Apesar de sua notória capacidade de ensinar como melhorar o "relacionamento com o cliente", Michael (dublado por David Thewlis) não demonstra ser capaz de se relacionar com as pessoas sem que cada interação lhe pareça sacrificante. Figura melancólica e apática, não parece ser capaz de se interessar ou, muito menos, de se empolgar com nada ou com ninguém. A animação consegue traduzir brilhantemente tais traços de sua personalidade, fazendo com que o expectador sinta uma espécie de estranheza ao notar o quão humano pode ser uma “simples” animação em stop motion.
Quando Michael, emocionalmente vulnerável, recorre a um antigo caso amoroso para tentar dar fim à sua inquietude, eis que surge a maior das estranhezas do filme: todos os demais personagens, sejam homens ou mulheres, possuem a mesma voz (dublada por Tom Noonan), à semelhança do recurso utilizado em "Quero ser John Malcovich" (cena surreal em que todos possuem o mesmo rosto, o do próprio Malkovich). Em uma primeira percepção, desatenta, o expectador de Anomalisa pode chegar a pensar que o antigo caso de Michael se trata de um crossdresser, tamanha surrealidade do recurso utilizado por Charlie Kaufman (dessa vez, como roteirista e diretor, ao lado de Duke Johnson).
Eis que lhe surge, hospedada no mesmo hotel e no mesmo andar, Lisa (dublada por Jennifer Jason Leigh), uma completa estranha, aparentemente capaz de dar ordem ao caos interior de Michael. Daí já podemos refletir sobre a razão de ser do uso do recurso vocálico, uma vez que Lisa (Jennifer Jason Leigh) é a única com timbre vocal (que transparece ingenuidade e otimismo) diverso ao de Michael. E também a única que consegue, involuntariamente, arrefecer a visão negativa que Michael possui a respeito da vida.
Lisa, por sua vez, é um personagem cativante. Insegura, sem acreditar ser digna do amor e do sucesso, é apelidada de “Anomalisa”, por sua "singularidade". Temos aqui uma ousada cena de sexo, bastante incomum, mas certamente dispensável. Para o desalento de Michael (e dos expectadores que se identificaram com os personagens), o que poderia ser uma virada na vida de ambos não passou de fogo de palha. Os defeitos que Michael passa a perceber da moça, no dia seguinte (após a inebriante empolgação da véspera), vão fazendo com que o encanto se acabe (desencanto claramente demonstrado pelo recurso vocálico, em que a voz de Lisa vai perdendo a identidade).
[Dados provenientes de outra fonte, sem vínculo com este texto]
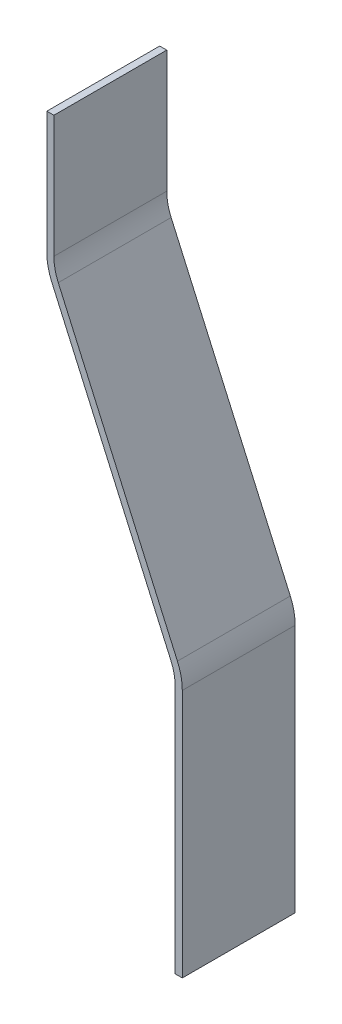
ISO-10303-21;
HEADER;
FILE_DESCRIPTION(('STEP AP214'),'2;1');
FILE_NAME('part.step','',(''),(''),'','','');
FILE_SCHEMA(('AUTOMOTIVE_DESIGN { 1 0 10303 214 1 1 1 1 }'));
ENDSEC;
DATA;
#1=APPLICATION_CONTEXT('core data for automotive mechanical design processes');
#2=APPLICATION_PROTOCOL_DEFINITION('international standard','automotive_design',2000,#1);
#3=PRODUCT_CONTEXT('',#1,'mechanical');
#4=PRODUCT('Part','Part','',(#3));
#5=PRODUCT_RELATED_PRODUCT_CATEGORY('part','',(#4));
#6=PRODUCT_DEFINITION_FORMATION('','',#4);
#7=PRODUCT_DEFINITION_CONTEXT('part definition',#1,'design');
#8=PRODUCT_DEFINITION('design','',#6,#7);
#9=PRODUCT_DEFINITION_SHAPE('','',#8);
#10=(LENGTH_UNIT() NAMED_UNIT(*) SI_UNIT(.MILLI.,.METRE.));
#11=(NAMED_UNIT(*) PLANE_ANGLE_UNIT() SI_UNIT($,.RADIAN.));
#12=(NAMED_UNIT(*) SI_UNIT($,.STERADIAN.) SOLID_ANGLE_UNIT());
#13=UNCERTAINTY_MEASURE_WITH_UNIT(LENGTH_MEASURE(1.E-05),#10,'distance_accuracy_value','');
#14=(GEOMETRIC_REPRESENTATION_CONTEXT(3) GLOBAL_UNCERTAINTY_ASSIGNED_CONTEXT((#13)) GLOBAL_UNIT_ASSIGNED_CONTEXT((#10,
#11,#12)) REPRESENTATION_CONTEXT('',''));
#15=CARTESIAN_POINT('',(0.,0.,0.));
#16=DIRECTION('',(0.,0.,1.));
#17=DIRECTION('',(1.,0.,0.));
#18=AXIS2_PLACEMENT_3D('',#15,#16,#17);
#19=CARTESIAN_POINT('',(60.96,307.367308880783,101.6));
#20=DIRECTION('',(0.,-1.,0.));
#21=DIRECTION('',(0.,0.,-1.));
#22=AXIS2_PLACEMENT_3D('',#19,#20,#21);
#23=PLANE('',#22);
#24=DIRECTION('',(-1.,0.,0.));
#25=VECTOR('',#24,1.);
#26=CARTESIAN_POINT('',(60.96,307.367308880783,0.));
#27=LINE('',#26,#25);
#28=CARTESIAN_POINT('',(67.31,307.367308880783,0.));
#29=VERTEX_POINT('',#28);
#30=CARTESIAN_POINT('',(60.96,307.367308880783,0.));
#31=VERTEX_POINT('',#30);
#32=EDGE_CURVE('E162',#29,#31,#27,.T.);
#33=ORIENTED_EDGE('',*,*,#32,.T.);
#34=DIRECTION('',(0.,0.,-1.));
#35=VECTOR('',#34,1.);
#36=CARTESIAN_POINT('',(60.96,307.367308880783,101.6));
#37=LINE('',#36,#35);
#38=CARTESIAN_POINT('',(60.96,307.367308880783,101.6));
#39=VERTEX_POINT('',#38);
#40=EDGE_CURVE('E11',#39,#31,#37,.T.);
#41=ORIENTED_EDGE('',*,*,#40,.F.);
#42=DIRECTION('',(-1.,0.,0.));
#43=VECTOR('',#42,1.);
#44=CARTESIAN_POINT('',(60.96,307.367308880783,101.6));
#45=LINE('',#44,#43);
#46=CARTESIAN_POINT('',(67.31,307.367308880783,101.6));
#47=VERTEX_POINT('',#46);
#48=EDGE_CURVE('E184',#47,#39,#45,.T.);
#49=ORIENTED_EDGE('',*,*,#48,.F.);
#50=DIRECTION('',(0.,0.,-1.));
#51=VECTOR('',#50,1.);
#52=CARTESIAN_POINT('',(67.31,307.367308880783,101.6));
#53=LINE('',#52,#51);
#54=EDGE_CURVE('E158',#47,#29,#53,.T.);
#55=ORIENTED_EDGE('',*,*,#54,.T.);
#56=EDGE_LOOP('',(#33,#41,#49,#55));
#57=FACE_BOUND('',#56,.T.);
#58=ADVANCED_FACE('F42',(#57),#23,.F.);
#59=CARTESIAN_POINT('',(60.96,197.131308880783,101.6));
#60=DIRECTION('',(1.,0.,0.));
#61=DIRECTION('',(0.,0.,-1.));
#62=AXIS2_PLACEMENT_3D('',#59,#60,#61);
#63=PLANE('',#62);
#64=DIRECTION('',(0.,-1.,0.));
#65=VECTOR('',#64,1.);
#66=CARTESIAN_POINT('',(60.96,197.131308880783,0.));
#67=LINE('',#66,#65);
#68=CARTESIAN_POINT('',(60.96,197.131308880783,0.));
#69=VERTEX_POINT('',#68);
#70=EDGE_CURVE('E165',#31,#69,#67,.T.);
#71=ORIENTED_EDGE('',*,*,#70,.T.);
#72=DIRECTION('',(0.,0.,-1.));
#73=VECTOR('',#72,1.);
#74=CARTESIAN_POINT('',(60.96,197.131308880783,101.6));
#75=LINE('',#74,#73);
#76=CARTESIAN_POINT('',(60.96,197.131308880783,101.6));
#77=VERTEX_POINT('',#76);
#78=EDGE_CURVE('E50',#77,#69,#75,.T.);
#79=ORIENTED_EDGE('',*,*,#78,.F.);
#80=DIRECTION('',(0.,-1.,0.));
#81=VECTOR('',#80,1.);
#82=CARTESIAN_POINT('',(60.96,197.131308880783,101.6));
#83=LINE('',#82,#81);
#84=EDGE_CURVE('E113',#39,#77,#83,.T.);
#85=ORIENTED_EDGE('',*,*,#84,.F.);
#86=ORIENTED_EDGE('',*,*,#40,.T.);
#87=EDGE_LOOP('',(#71,#79,#85,#86));
#88=FACE_BOUND('',#87,.T.);
#89=ADVANCED_FACE('F262',(#88),#63,.F.);
#90=CARTESIAN_POINT('',(111.76,197.131308880783,101.6));
#91=DIRECTION('',(0.,0.,-1.));
#92=DIRECTION('',(-1.,0.,0.));
#93=AXIS2_PLACEMENT_3D('',#90,#91,#92);
#94=CYLINDRICAL_SURFACE('',#93,50.8);
#95=CARTESIAN_POINT('',(111.76,197.131308880783,0.));
#96=DIRECTION('',(0.,0.,1.));
#97=DIRECTION('',(-1.,0.,0.));
#98=AXIS2_PLACEMENT_3D('',#95,#96,#97);
#99=CIRCLE('',#98,50.8);
#100=CARTESIAN_POINT('',(65.3358408581264,176.505173809713,0.));
#101=VERTEX_POINT('',#100);
#102=EDGE_CURVE('E167',#69,#101,#99,.T.);
#103=ORIENTED_EDGE('',*,*,#102,.T.);
#104=DIRECTION('',(0.,0.,-1.));
#105=VECTOR('',#104,1.);
#106=CARTESIAN_POINT('',(65.3358408581264,176.505173809713,101.6));
#107=LINE('',#106,#105);
#108=CARTESIAN_POINT('',(65.3358408581264,176.505173809713,101.6));
#109=VERTEX_POINT('',#108);
#110=EDGE_CURVE('E203',#109,#101,#107,.T.);
#111=ORIENTED_EDGE('',*,*,#110,.F.);
#112=CARTESIAN_POINT('',(111.76,197.131308880783,101.6));
#113=DIRECTION('',(0.,0.,1.));
#114=DIRECTION('',(-1.,0.,0.));
#115=AXIS2_PLACEMENT_3D('',#112,#113,#114);
#116=CIRCLE('',#115,50.8);
#117=EDGE_CURVE('E211',#77,#109,#116,.T.);
#118=ORIENTED_EDGE('',*,*,#117,.F.);
#119=ORIENTED_EDGE('',*,*,#78,.T.);
#120=EDGE_LOOP('',(#103,#111,#118,#119));
#121=FACE_BOUND('',#120,.T.);
#122=ADVANCED_FACE('F209',(#121),#94,.T.);
#123=CARTESIAN_POINT('',(172.591743227686,-64.9004537280294,101.6));
#124=DIRECTION('',(0.913861400430583,0.406026280926559,0.));
#125=DIRECTION('',(-0.406026280926559,0.913861400430583,0.));
#126=AXIS2_PLACEMENT_3D('',#123,#124,#125);
#127=PLANE('',#126);
#128=DIRECTION('',(0.406026280926559,-0.913861400430583,0.));
#129=VECTOR('',#128,1.);
#130=CARTESIAN_POINT('',(172.591743227686,-64.9004537280294,0.));
#131=LINE('',#130,#129);
#132=CARTESIAN_POINT('',(172.591743227686,-64.9004537280294,0.));
#133=VERTEX_POINT('',#132);
#134=EDGE_CURVE('E169',#101,#133,#131,.T.);
#135=ORIENTED_EDGE('',*,*,#134,.T.);
#136=DIRECTION('',(0.,0.,-1.));
#137=VECTOR('',#136,1.);
#138=CARTESIAN_POINT('',(172.591743227686,-64.9004537280294,101.6));
#139=LINE('',#138,#137);
#140=CARTESIAN_POINT('',(172.591743227686,-64.9004537280294,101.6));
#141=VERTEX_POINT('',#140);
#142=EDGE_CURVE('E200',#141,#133,#139,.T.);
#143=ORIENTED_EDGE('',*,*,#142,.F.);
#144=DIRECTION('',(0.406026280926559,-0.913861400430583,0.));
#145=VECTOR('',#144,1.);
#146=CARTESIAN_POINT('',(172.591743227686,-64.9004537280294,101.6));
#147=LINE('',#146,#145);
#148=EDGE_CURVE('E229',#109,#141,#147,.T.);
#149=ORIENTED_EDGE('',*,*,#148,.F.);
#150=ORIENTED_EDGE('',*,*,#110,.T.);
#151=EDGE_LOOP('',(#135,#143,#149,#150));
#152=FACE_BOUND('',#151,.T.);
#153=ADVANCED_FACE('F220',(#152),#127,.F.);
#154=CARTESIAN_POINT('',(130.81,-83.4639752919917,101.6));
#155=DIRECTION('',(0.,0.,-1.));
#156=DIRECTION('',(-1.,0.,0.));
#157=AXIS2_PLACEMENT_3D('',#154,#155,#156);
#158=CYLINDRICAL_SURFACE('',#157,45.72);
#159=CARTESIAN_POINT('',(130.81,-83.4639752919917,0.));
#160=DIRECTION('',(0.,0.,-1.));
#161=DIRECTION('',(1.,0.,0.));
#162=AXIS2_PLACEMENT_3D('',#159,#160,#161);
#163=CIRCLE('',#162,45.72);
#164=CARTESIAN_POINT('',(176.53,-83.4639752919917,0.));
#165=VERTEX_POINT('',#164);
#166=EDGE_CURVE('E171',#133,#165,#163,.T.);
#167=ORIENTED_EDGE('',*,*,#166,.T.);
#168=DIRECTION('',(0.,0.,-1.));
#169=VECTOR('',#168,1.);
#170=CARTESIAN_POINT('',(176.53,-83.4639752919917,101.6));
#171=LINE('',#170,#169);
#172=CARTESIAN_POINT('',(176.53,-83.4639752919917,101.6));
#173=VERTEX_POINT('',#172);
#174=EDGE_CURVE('E197',#173,#165,#171,.T.);
#175=ORIENTED_EDGE('',*,*,#174,.F.);
#176=CARTESIAN_POINT('',(130.81,-83.4639752919917,101.6));
#177=DIRECTION('',(0.,0.,-1.));
#178=DIRECTION('',(1.,0.,0.));
#179=AXIS2_PLACEMENT_3D('',#176,#177,#178);
#180=CIRCLE('',#179,45.72);
#181=EDGE_CURVE('E226',#141,#173,#180,.T.);
#182=ORIENTED_EDGE('',*,*,#181,.F.);
#183=ORIENTED_EDGE('',*,*,#142,.T.);
#184=EDGE_LOOP('',(#167,#175,#182,#183));
#185=FACE_BOUND('',#184,.T.);
#186=ADVANCED_FACE('F224',(#185),#158,.F.);
#187=CARTESIAN_POINT('',(176.53,-307.367308880783,101.6));
#188=DIRECTION('',(1.,0.,0.));
#189=DIRECTION('',(0.,0.,-1.));
#190=AXIS2_PLACEMENT_3D('',#187,#188,#189);
#191=PLANE('',#190);
#192=DIRECTION('',(0.,-1.,0.));
#193=VECTOR('',#192,1.);
#194=CARTESIAN_POINT('',(176.53,-307.367308880783,0.));
#195=LINE('',#194,#193);
#196=CARTESIAN_POINT('',(176.53,-307.367308880783,0.));
#197=VERTEX_POINT('',#196);
#198=EDGE_CURVE('E173',#165,#197,#195,.T.);
#199=ORIENTED_EDGE('',*,*,#198,.T.);
#200=DIRECTION('',(0.,0.,-1.));
#201=VECTOR('',#200,1.);
#202=CARTESIAN_POINT('',(176.53,-307.367308880783,101.6));
#203=LINE('',#202,#201);
#204=CARTESIAN_POINT('',(176.53,-307.367308880783,101.6));
#205=VERTEX_POINT('',#204);
#206=EDGE_CURVE('E194',#205,#197,#203,.T.);
#207=ORIENTED_EDGE('',*,*,#206,.F.);
#208=DIRECTION('',(0.,-1.,0.));
#209=VECTOR('',#208,1.);
#210=CARTESIAN_POINT('',(176.53,-307.367308880783,101.6));
#211=LINE('',#210,#209);
#212=EDGE_CURVE('E228',#173,#205,#211,.T.);
#213=ORIENTED_EDGE('',*,*,#212,.F.);
#214=ORIENTED_EDGE('',*,*,#174,.T.);
#215=EDGE_LOOP('',(#199,#207,#213,#214));
#216=FACE_BOUND('',#215,.T.);
#217=ADVANCED_FACE('F275',(#216),#191,.F.);
#218=CARTESIAN_POINT('',(182.88,-307.367308880783,101.6));
#219=DIRECTION('',(0.,1.,0.));
#220=DIRECTION('',(0.,0.,1.));
#221=AXIS2_PLACEMENT_3D('',#218,#219,#220);
#222=PLANE('',#221);
#223=DIRECTION('',(1.,0.,0.));
#224=VECTOR('',#223,1.);
#225=CARTESIAN_POINT('',(182.88,-307.367308880783,0.));
#226=LINE('',#225,#224);
#227=CARTESIAN_POINT('',(182.88,-307.367308880783,0.));
#228=VERTEX_POINT('',#227);
#229=EDGE_CURVE('E175',#197,#228,#226,.T.);
#230=ORIENTED_EDGE('',*,*,#229,.T.);
#231=DIRECTION('',(0.,0.,-1.));
#232=VECTOR('',#231,1.);
#233=CARTESIAN_POINT('',(182.88,-307.367308880783,101.6));
#234=LINE('',#233,#232);
#235=CARTESIAN_POINT('',(182.88,-307.367308880783,101.6));
#236=VERTEX_POINT('',#235);
#237=EDGE_CURVE('E191',#236,#228,#234,.T.);
#238=ORIENTED_EDGE('',*,*,#237,.F.);
#239=DIRECTION('',(1.,0.,0.));
#240=VECTOR('',#239,1.);
#241=CARTESIAN_POINT('',(182.88,-307.367308880783,101.6));
#242=LINE('',#241,#240);
#243=EDGE_CURVE('E231',#205,#236,#242,.T.);
#244=ORIENTED_EDGE('',*,*,#243,.F.);
#245=ORIENTED_EDGE('',*,*,#206,.T.);
#246=EDGE_LOOP('',(#230,#238,#244,#245));
#247=FACE_BOUND('',#246,.T.);
#248=ADVANCED_FACE('F278',(#247),#222,.F.);
#249=CARTESIAN_POINT('',(182.88,-83.1945444039134,101.6));
#250=DIRECTION('',(-1.,0.,0.));
#251=DIRECTION('',(0.,-1.,0.));
#252=AXIS2_PLACEMENT_3D('',#249,#250,#251);
#253=PLANE('',#252);
#254=DIRECTION('',(0.,1.,0.));
#255=VECTOR('',#254,1.);
#256=CARTESIAN_POINT('',(182.88,-83.1945444039134,0.));
#257=LINE('',#256,#255);
#258=CARTESIAN_POINT('',(182.88,-83.1945444039134,0.));
#259=VERTEX_POINT('',#258);
#260=EDGE_CURVE('E177',#228,#259,#257,.T.);
#261=ORIENTED_EDGE('',*,*,#260,.T.);
#262=DIRECTION('',(0.,0.,-1.));
#263=VECTOR('',#262,1.);
#264=CARTESIAN_POINT('',(182.88,-83.1945444039134,101.6));
#265=LINE('',#264,#263);
#266=CARTESIAN_POINT('',(182.88,-83.1945444039134,101.6));
#267=VERTEX_POINT('',#266);
#268=EDGE_CURVE('E188',#267,#259,#265,.T.);
#269=ORIENTED_EDGE('',*,*,#268,.F.);
#270=DIRECTION('',(0.,1.,0.));
#271=VECTOR('',#270,1.);
#272=CARTESIAN_POINT('',(182.88,-83.1945444039134,101.6));
#273=LINE('',#272,#271);
#274=EDGE_CURVE('E237',#236,#267,#273,.T.);
#275=ORIENTED_EDGE('',*,*,#274,.F.);
#276=ORIENTED_EDGE('',*,*,#237,.T.);
#277=EDGE_LOOP('',(#261,#269,#275,#276));
#278=FACE_BOUND('',#277,.T.);
#279=ADVANCED_FACE('F243',(#278),#253,.F.);
#280=CARTESIAN_POINT('',(132.08,-83.1945444039134,101.6));
#281=DIRECTION('',(0.,0.,-1.));
#282=DIRECTION('',(-1.,0.,0.));
#283=AXIS2_PLACEMENT_3D('',#280,#281,#282);
#284=CYLINDRICAL_SURFACE('',#283,50.8);
#285=CARTESIAN_POINT('',(132.08,-83.1945444039134,0.));
#286=DIRECTION('',(0.,0.,1.));
#287=DIRECTION('',(1.,0.,0.));
#288=AXIS2_PLACEMENT_3D('',#285,#286,#287);
#289=CIRCLE('',#288,50.8);
#290=CARTESIAN_POINT('',(178.504159141874,-62.5684093328442,0.));
#291=VERTEX_POINT('',#290);
#292=EDGE_CURVE('E179',#259,#291,#289,.T.);
#293=ORIENTED_EDGE('',*,*,#292,.T.);
#294=DIRECTION('',(0.,0.,-1.));
#295=VECTOR('',#294,1.);
#296=CARTESIAN_POINT('',(178.504159141874,-62.5684093328442,101.6));
#297=LINE('',#296,#295);
#298=CARTESIAN_POINT('',(178.504159141874,-62.5684093328442,101.6));
#299=VERTEX_POINT('',#298);
#300=EDGE_CURVE('E153',#299,#291,#297,.T.);
#301=ORIENTED_EDGE('',*,*,#300,.F.);
#302=CARTESIAN_POINT('',(132.08,-83.1945444039134,101.6));
#303=DIRECTION('',(0.,0.,1.));
#304=DIRECTION('',(1.,0.,0.));
#305=AXIS2_PLACEMENT_3D('',#302,#303,#304);
#306=CIRCLE('',#305,50.8);
#307=EDGE_CURVE('E144',#267,#299,#306,.T.);
#308=ORIENTED_EDGE('',*,*,#307,.F.);
#309=ORIENTED_EDGE('',*,*,#268,.T.);
#310=EDGE_LOOP('',(#293,#301,#308,#309));
#311=FACE_BOUND('',#310,.T.);
#312=ADVANCED_FACE('F247',(#311),#284,.T.);
#313=CARTESIAN_POINT('',(178.504159141874,-62.5684093328442,101.6));
#314=DIRECTION('',(-0.913861400430583,-0.406026280926559,0.));
#315=DIRECTION('',(0.406026280926559,-0.913861400430583,0.));
#316=AXIS2_PLACEMENT_3D('',#313,#314,#315);
#317=PLANE('',#316);
#318=DIRECTION('',(-0.406026280926559,0.913861400430583,0.));
#319=VECTOR('',#318,1.);
#320=CARTESIAN_POINT('',(178.504159141874,-62.5684093328442,0.));
#321=LINE('',#320,#319);
#322=CARTESIAN_POINT('',(71.2482567723138,178.837218204899,0.));
#323=VERTEX_POINT('',#322);
#324=EDGE_CURVE('E152',#291,#323,#321,.T.);
#325=ORIENTED_EDGE('',*,*,#324,.T.);
#326=DIRECTION('',(0.,0.,-1.));
#327=VECTOR('',#326,1.);
#328=CARTESIAN_POINT('',(71.2482567723138,178.837218204899,101.6));
#329=LINE('',#328,#327);
#330=CARTESIAN_POINT('',(71.2482567723138,178.837218204899,101.6));
#331=VERTEX_POINT('',#330);
#332=EDGE_CURVE('E149',#331,#323,#329,.T.);
#333=ORIENTED_EDGE('',*,*,#332,.F.);
#334=DIRECTION('',(-0.406026280926559,0.913861400430583,0.));
#335=VECTOR('',#334,1.);
#336=CARTESIAN_POINT('',(178.504159141874,-62.5684093328442,101.6));
#337=LINE('',#336,#335);
#338=EDGE_CURVE('E138',#299,#331,#337,.T.);
#339=ORIENTED_EDGE('',*,*,#338,.F.);
#340=ORIENTED_EDGE('',*,*,#300,.T.);
#341=EDGE_LOOP('',(#325,#333,#339,#340));
#342=FACE_BOUND('',#341,.T.);
#343=ADVANCED_FACE('F150',(#342),#317,.F.);
#344=CARTESIAN_POINT('',(113.03,197.400739768861,101.6));
#345=DIRECTION('',(0.,0.,-1.));
#346=DIRECTION('',(-1.,0.,0.));
#347=AXIS2_PLACEMENT_3D('',#344,#345,#346);
#348=CYLINDRICAL_SURFACE('',#347,45.72);
#349=CARTESIAN_POINT('',(113.03,197.400739768861,0.));
#350=DIRECTION('',(0.,0.,-1.));
#351=DIRECTION('',(1.,0.,0.));
#352=AXIS2_PLACEMENT_3D('',#349,#350,#351);
#353=CIRCLE('',#352,45.72);
#354=CARTESIAN_POINT('',(67.31,197.400739768861,0.));
#355=VERTEX_POINT('',#354);
#356=EDGE_CURVE('E99',#323,#355,#353,.T.);
#357=ORIENTED_EDGE('',*,*,#356,.T.);
#358=DIRECTION('',(0.,0.,-1.));
#359=VECTOR('',#358,1.);
#360=CARTESIAN_POINT('',(67.31,197.400739768861,101.6));
#361=LINE('',#360,#359);
#362=CARTESIAN_POINT('',(67.31,197.400739768861,101.6));
#363=VERTEX_POINT('',#362);
#364=EDGE_CURVE('E154',#363,#355,#361,.T.);
#365=ORIENTED_EDGE('',*,*,#364,.F.);
#366=CARTESIAN_POINT('',(113.03,197.400739768861,101.6));
#367=DIRECTION('',(0.,0.,-1.));
#368=DIRECTION('',(1.,0.,0.));
#369=AXIS2_PLACEMENT_3D('',#366,#367,#368);
#370=CIRCLE('',#369,45.72);
#371=EDGE_CURVE('E142',#331,#363,#370,.T.);
#372=ORIENTED_EDGE('',*,*,#371,.F.);
#373=ORIENTED_EDGE('',*,*,#332,.T.);
#374=EDGE_LOOP('',(#357,#365,#372,#373));
#375=FACE_BOUND('',#374,.T.);
#376=ADVANCED_FACE('F156',(#375),#348,.F.);
#377=CARTESIAN_POINT('',(67.31,197.400739768861,101.6));
#378=DIRECTION('',(-1.,0.,0.));
#379=DIRECTION('',(0.,-1.,0.));
#380=AXIS2_PLACEMENT_3D('',#377,#378,#379);
#381=PLANE('',#380);
#382=DIRECTION('',(0.,1.,0.));
#383=VECTOR('',#382,1.);
#384=CARTESIAN_POINT('',(67.31,197.400739768861,0.));
#385=LINE('',#384,#383);
#386=EDGE_CURVE('E105',#355,#29,#385,.T.);
#387=ORIENTED_EDGE('',*,*,#386,.T.);
#388=ORIENTED_EDGE('',*,*,#54,.F.);
#389=DIRECTION('',(0.,1.,0.));
#390=VECTOR('',#389,1.);
#391=CARTESIAN_POINT('',(67.31,197.400739768861,101.6));
#392=LINE('',#391,#390);
#393=EDGE_CURVE('E58',#363,#47,#392,.T.);
#394=ORIENTED_EDGE('',*,*,#393,.F.);
#395=ORIENTED_EDGE('',*,*,#364,.T.);
#396=EDGE_LOOP('',(#387,#388,#394,#395));
#397=FACE_BOUND('',#396,.T.);
#398=ADVANCED_FACE('F251',(#397),#381,.F.);
#399=CARTESIAN_POINT('',(113.03,197.400739768861,101.6));
#400=DIRECTION('',(0.,0.,1.));
#401=DIRECTION('',(1.,0.,0.));
#402=AXIS2_PLACEMENT_3D('',#399,#400,#401);
#403=PLANE('',#402);
#404=ORIENTED_EDGE('',*,*,#48,.T.);
#405=ORIENTED_EDGE('',*,*,#84,.T.);
#406=ORIENTED_EDGE('',*,*,#117,.T.);
#407=ORIENTED_EDGE('',*,*,#148,.T.);
#408=ORIENTED_EDGE('',*,*,#181,.T.);
#409=ORIENTED_EDGE('',*,*,#212,.T.);
#410=ORIENTED_EDGE('',*,*,#243,.T.);
#411=ORIENTED_EDGE('',*,*,#274,.T.);
#412=ORIENTED_EDGE('',*,*,#307,.T.);
#413=ORIENTED_EDGE('',*,*,#338,.T.);
#414=ORIENTED_EDGE('',*,*,#371,.T.);
#415=ORIENTED_EDGE('',*,*,#393,.T.);
#416=EDGE_LOOP('',(#404,#405,#406,#407,#408,#409,#410,#411,#412,#413,#414,#415));
#417=FACE_BOUND('',#416,.T.);
#418=ADVANCED_FACE('F140',(#417),#403,.T.);
#419=CARTESIAN_POINT('',(113.03,197.400739768861,0.));
#420=DIRECTION('',(0.,0.,1.));
#421=DIRECTION('',(1.,0.,0.));
#422=AXIS2_PLACEMENT_3D('',#419,#420,#421);
#423=PLANE('',#422);
#424=ORIENTED_EDGE('',*,*,#32,.F.);
#425=ORIENTED_EDGE('',*,*,#386,.F.);
#426=ORIENTED_EDGE('',*,*,#356,.F.);
#427=ORIENTED_EDGE('',*,*,#324,.F.);
#428=ORIENTED_EDGE('',*,*,#292,.F.);
#429=ORIENTED_EDGE('',*,*,#260,.F.);
#430=ORIENTED_EDGE('',*,*,#229,.F.);
#431=ORIENTED_EDGE('',*,*,#198,.F.);
#432=ORIENTED_EDGE('',*,*,#166,.F.);
#433=ORIENTED_EDGE('',*,*,#134,.F.);
#434=ORIENTED_EDGE('',*,*,#102,.F.);
#435=ORIENTED_EDGE('',*,*,#70,.F.);
#436=EDGE_LOOP('',(#424,#425,#426,#427,#428,#429,#430,#431,#432,#433,#434,#435));
#437=FACE_BOUND('',#436,.T.);
#438=ADVANCED_FACE('F215',(#437),#423,.F.);
#439=CLOSED_SHELL('',(#58,#89,#122,#153,#186,#217,#248,#279,#312,#343,#376,#398,#418,#438));
#440=MANIFOLD_SOLID_BREP('B2',#439);
#441=ADVANCED_BREP_SHAPE_REPRESENTATION('',(#18,#440),#14);
#442=SHAPE_DEFINITION_REPRESENTATION(#9,#441);
ENDSEC;
END-ISO-10303-21;

A banalidade e a monotonia da narrativa faz com que o expectador fique, o tempo todo, aguardando que algo surpreendente ocorra. Apesar de toda a torcida por uma surpresa impactante ou por um desfecho arrebatador (que possa, quem sabe, justificar a inclusão do filme na lista dos indicados ao oscar de melhor animação), o expectador acaba por amargurar a chegada dos créditos finais justamente no momento em que a história poderia se desenrolar de forma mais dinâmica. A amplitude dos significados que Kaufman incorporou ao filme poderia ter sido, a partir desse ponto, melhor explorada.
Um dos grande problemas do filme é a falta de empatia que sentimos em relação a Michael. Por mais que tentemos entendê-lo, sua apatia e sua deprimente falta de vontade de viver criam uma grande barreira em frente à tela. Além disso, apesar de ser bem contada, a lovestory de Michael e Lisa não convence. E se o enredo em si não justifica a inclusão no seleto rol de concorrentes à estatueta, da qualidade gráfica da animação também se pode dizer o mesmo. A animação surreal kafkiana de Kaufman peca por descuidos gráficos.
Sem dúvida, a escolha pelo formato stop motion trouxe realismo ao filme. Porém, trata-se de animação visivelmente desleixada, em que são visíveis, por exemplo, rachaduras nos rostos dos personagens. Claro que muitos verão descuidos como intencionais genialidades de Kaufman (assim como veriam grande beleza na nova roupa do rei). Intenções à parte, o roteirista dos excelentes "Brilho Eterno de Uma Mente Sem Lembranças" e "Adaptação" conseguiu imprimir humanidade aos personagens e às situações, mas não conseguiu cativar o expectador mais exigente de uma arte visualmente aprimorada. Tal descuido, por si só, já deixa o filme como azarão na corrida pelo Oscar, considerando que concorrerá com o ótimo "Divertida Mente". Entretanto, não será de causar choque se a academia o agraciar, uma vez que se trata de um divisor de águas, uma animação de louvável esforço criativo, que corajosamente rompe com os padrões até então estabelecidos para o gênero.